И, позвольте, я, наверное, подведу некий какой-то итог под этим разговором. Важно, что, важно, что, во-первых, мы с вами живые, нас что-то трогает, для нас что-то действительно важно, особенно история нашей страны. И память о самих себе не всегда растет только из истории страны. У нас есть память о собственной жизни. И очень важно, чтобы эта память всегда была живой, то есть мы всегда ее называли. Возможно, названное раз, может быть переназванным, возможно, может быть пересмотрена. Но важно не это.

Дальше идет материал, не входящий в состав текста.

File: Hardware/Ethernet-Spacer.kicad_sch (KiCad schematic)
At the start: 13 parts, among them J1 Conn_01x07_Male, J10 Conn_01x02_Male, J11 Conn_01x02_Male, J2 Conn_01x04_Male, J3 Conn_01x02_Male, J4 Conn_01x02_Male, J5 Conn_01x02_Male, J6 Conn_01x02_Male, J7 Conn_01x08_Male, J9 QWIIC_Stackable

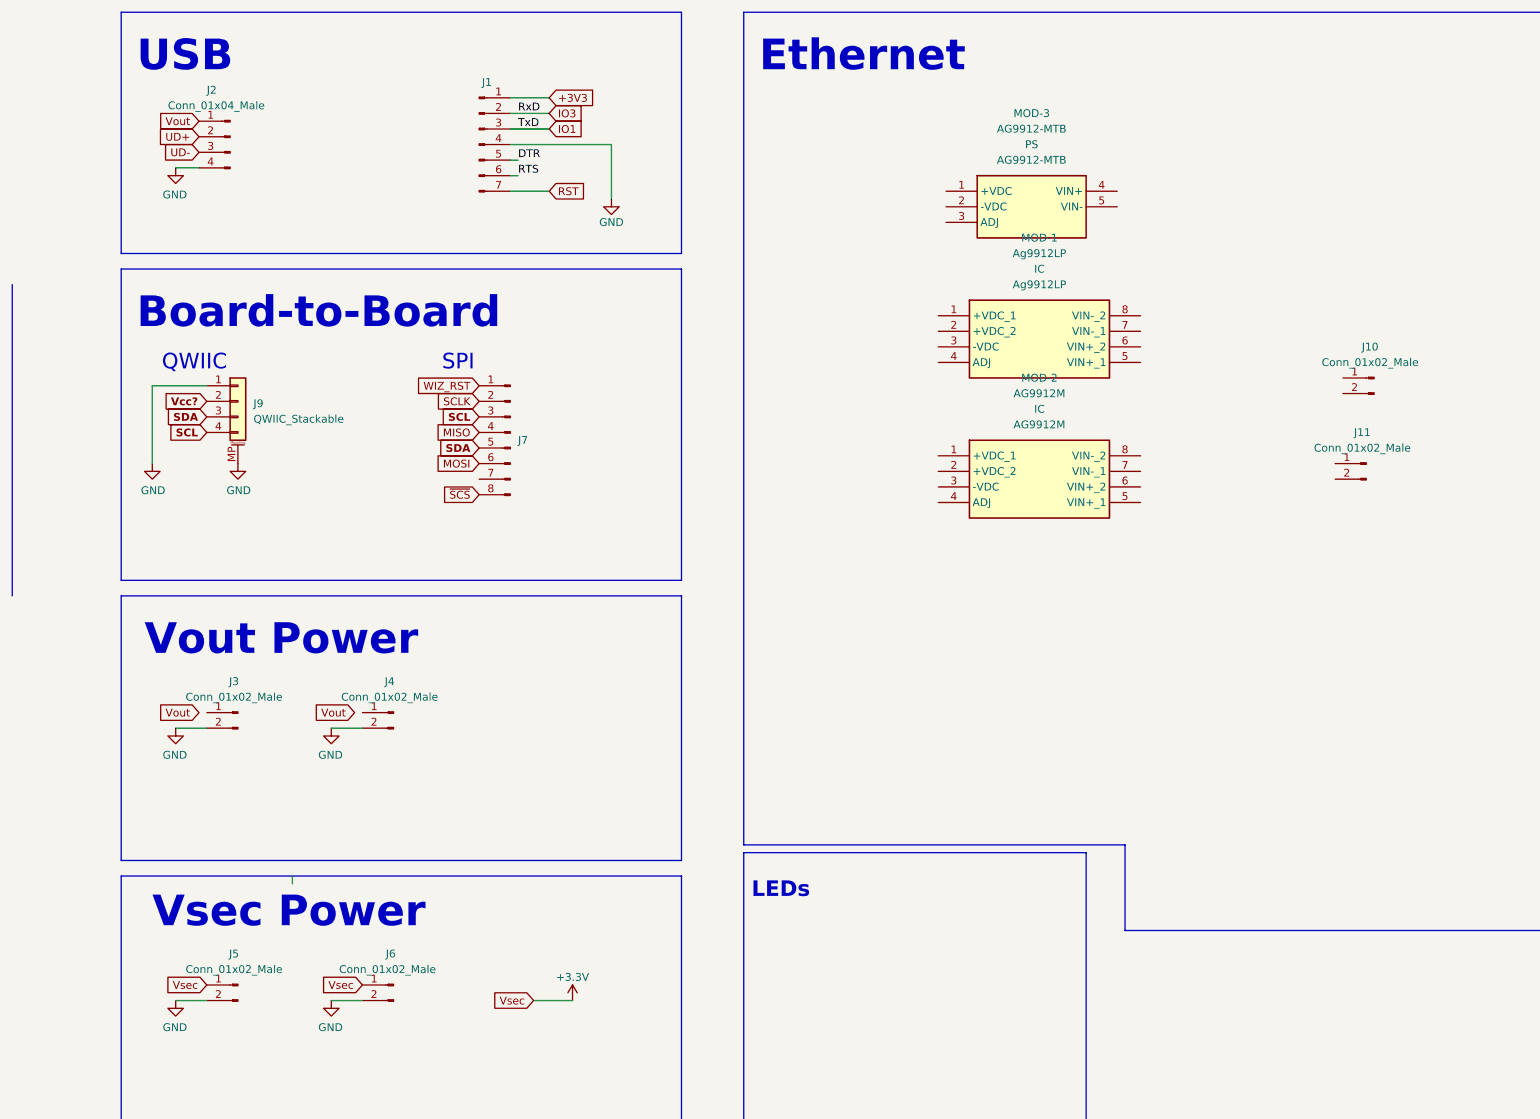
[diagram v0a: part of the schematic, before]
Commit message: Still working on changes to J7/J9...
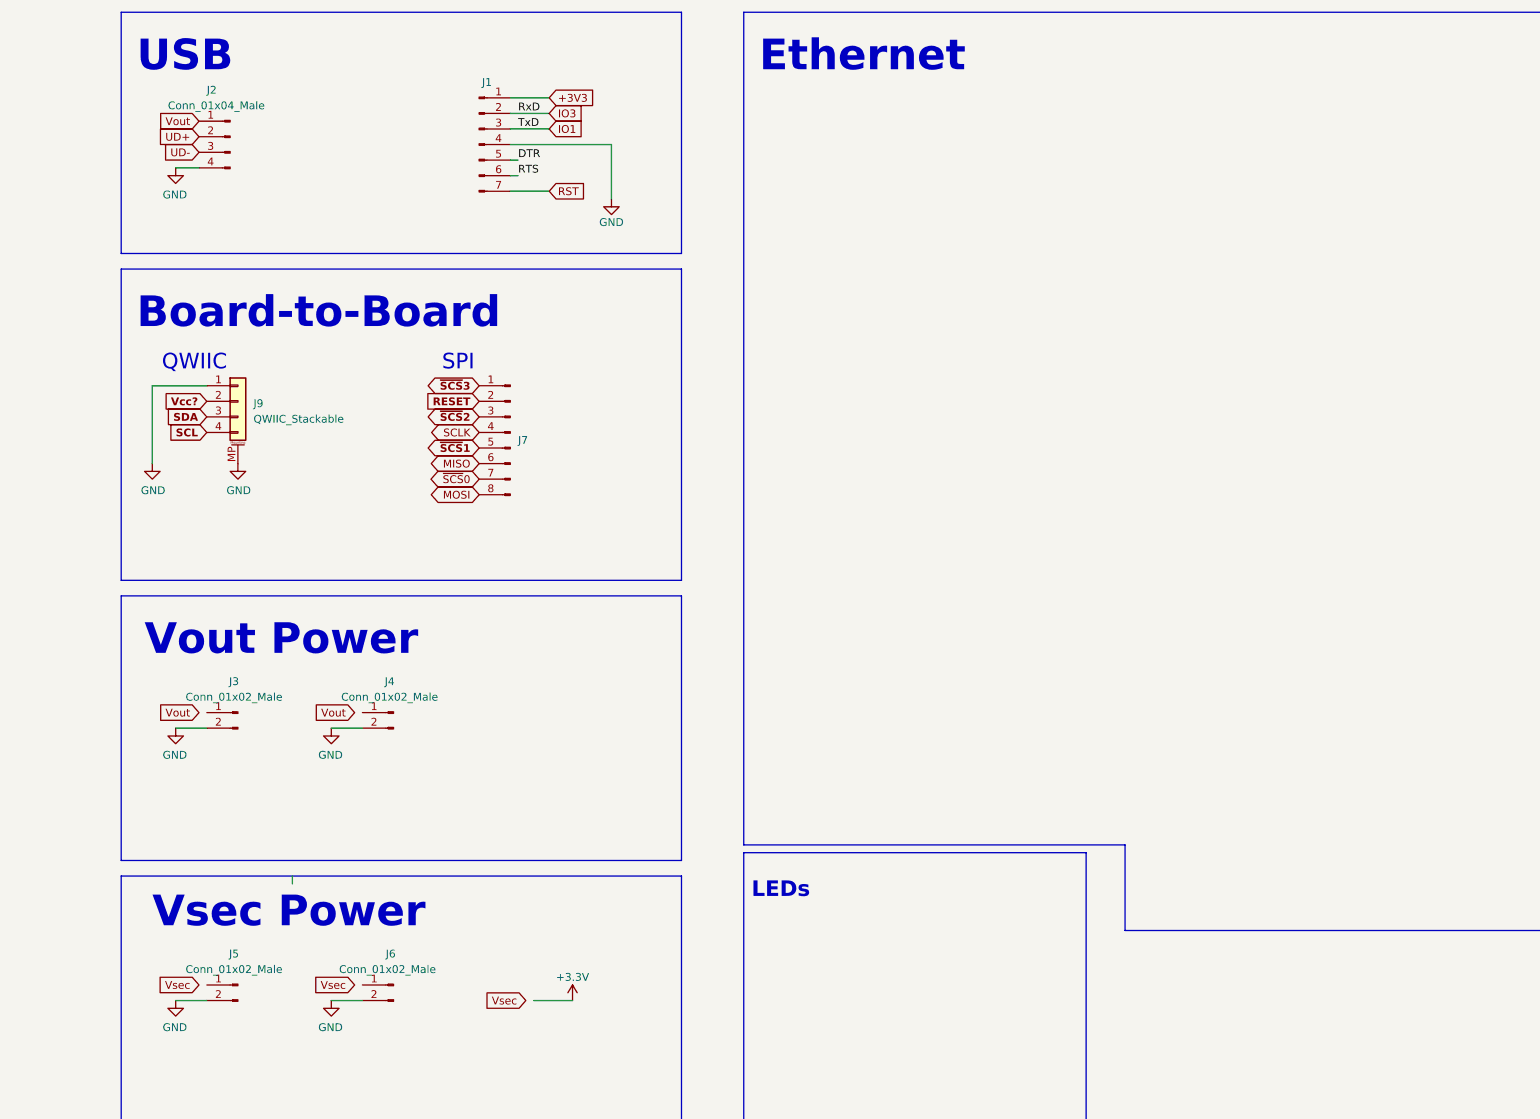
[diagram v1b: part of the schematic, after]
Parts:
- removed J10, J11: Conn_01x02_Male, Tinker:Board_Stacker_2, symbol Connector:Conn_01x02_Male
- removed MOD-1: Ag9912LP, symbol Ag9912LP:Ag9912LP
- removed MOD-2: AG9912M, symbol AG9912M:AG9912M
- removed MOD-3: AG9912-MTB, symbol AG9912-MTB:AG9912-MTB
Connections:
- net ~{SCS} is gone; now on net MOSI: J7.8 (Pin_8)
- net +3.3V: no longer J5.1 (Pin_1), J6.1 (Pin_1)
- net MISO: now also J7.6 (Pin_6); no longer J7.4 (Pin_4)
- net MOSI: no longer J7.6 (Pin_6)
- net SCL: no longer J7.3 (Pin_3)
- net SCLK: now also J7.4 (Pin_4); no longer J7.2 (Pin_2)
- net SDA: no longer J7.5 (Pin_5)
- net ~{SCS}0: now reaches J7.7 (Pin_7)
- net WIZ_RST renamed ~{SCS}3
- new net RESET: J7.2 (Pin_2)
- new net ~{SCS}1: J7.5 (Pin_5)
- new net ~{SCS}2: J7.3 (Pin_3)
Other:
- title: POE Spacer -> Ethernet Spacer

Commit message: Still migrating to 0.2.x
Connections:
- net ~{SCS}3 renamed ~{RESET}
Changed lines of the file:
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@@
+    )
+  )
+  (global_label "~{RESET}" (shape input) (at 72.39 74.93 180) (fields_autoplaced)
+    (effects (font (size 1.27 1.27) (thickness 0.254) bold) (justify right))
+    (property "Intersheet References" "${INTERSHEET_REFS}" (id 0) (at 64.0413 74.803 0)
+      (effects (font (size 1.27 1.27) (thickness 0.254) bold) (justify right) hide)
     )
   )
@@
     )
   )
-  (global_label "~{SCS}3" (shape bidirectional) (at 72.39 74.93 180) (fields_autoplaced)
-    (effects (font (size 1.27 1.27) (thickness 0.254) bold) (justify right))
-    (property "Intersheet References" "${INTERSHEET_REFS}" (id 0) (at 64.8879 74.803 0)
-      (effects (font (size 1.27 1.27) (thickness 0.254) bold) (justify right) hide)
-    )
-  )

Важно то, насколько мы можем вообще извлекать из этого опыт, чтобы память не была пассивной, чтобы она принадлежала нам, иначе нас не существует. Пока мы не будем себя идентифицировать через прошлое, как самих себя, как отдельных, нас не будет, нас просто не будет.
С вами был Артём Новиченков. Дорогие мои, спасибо, что вы были эти два часа со мной.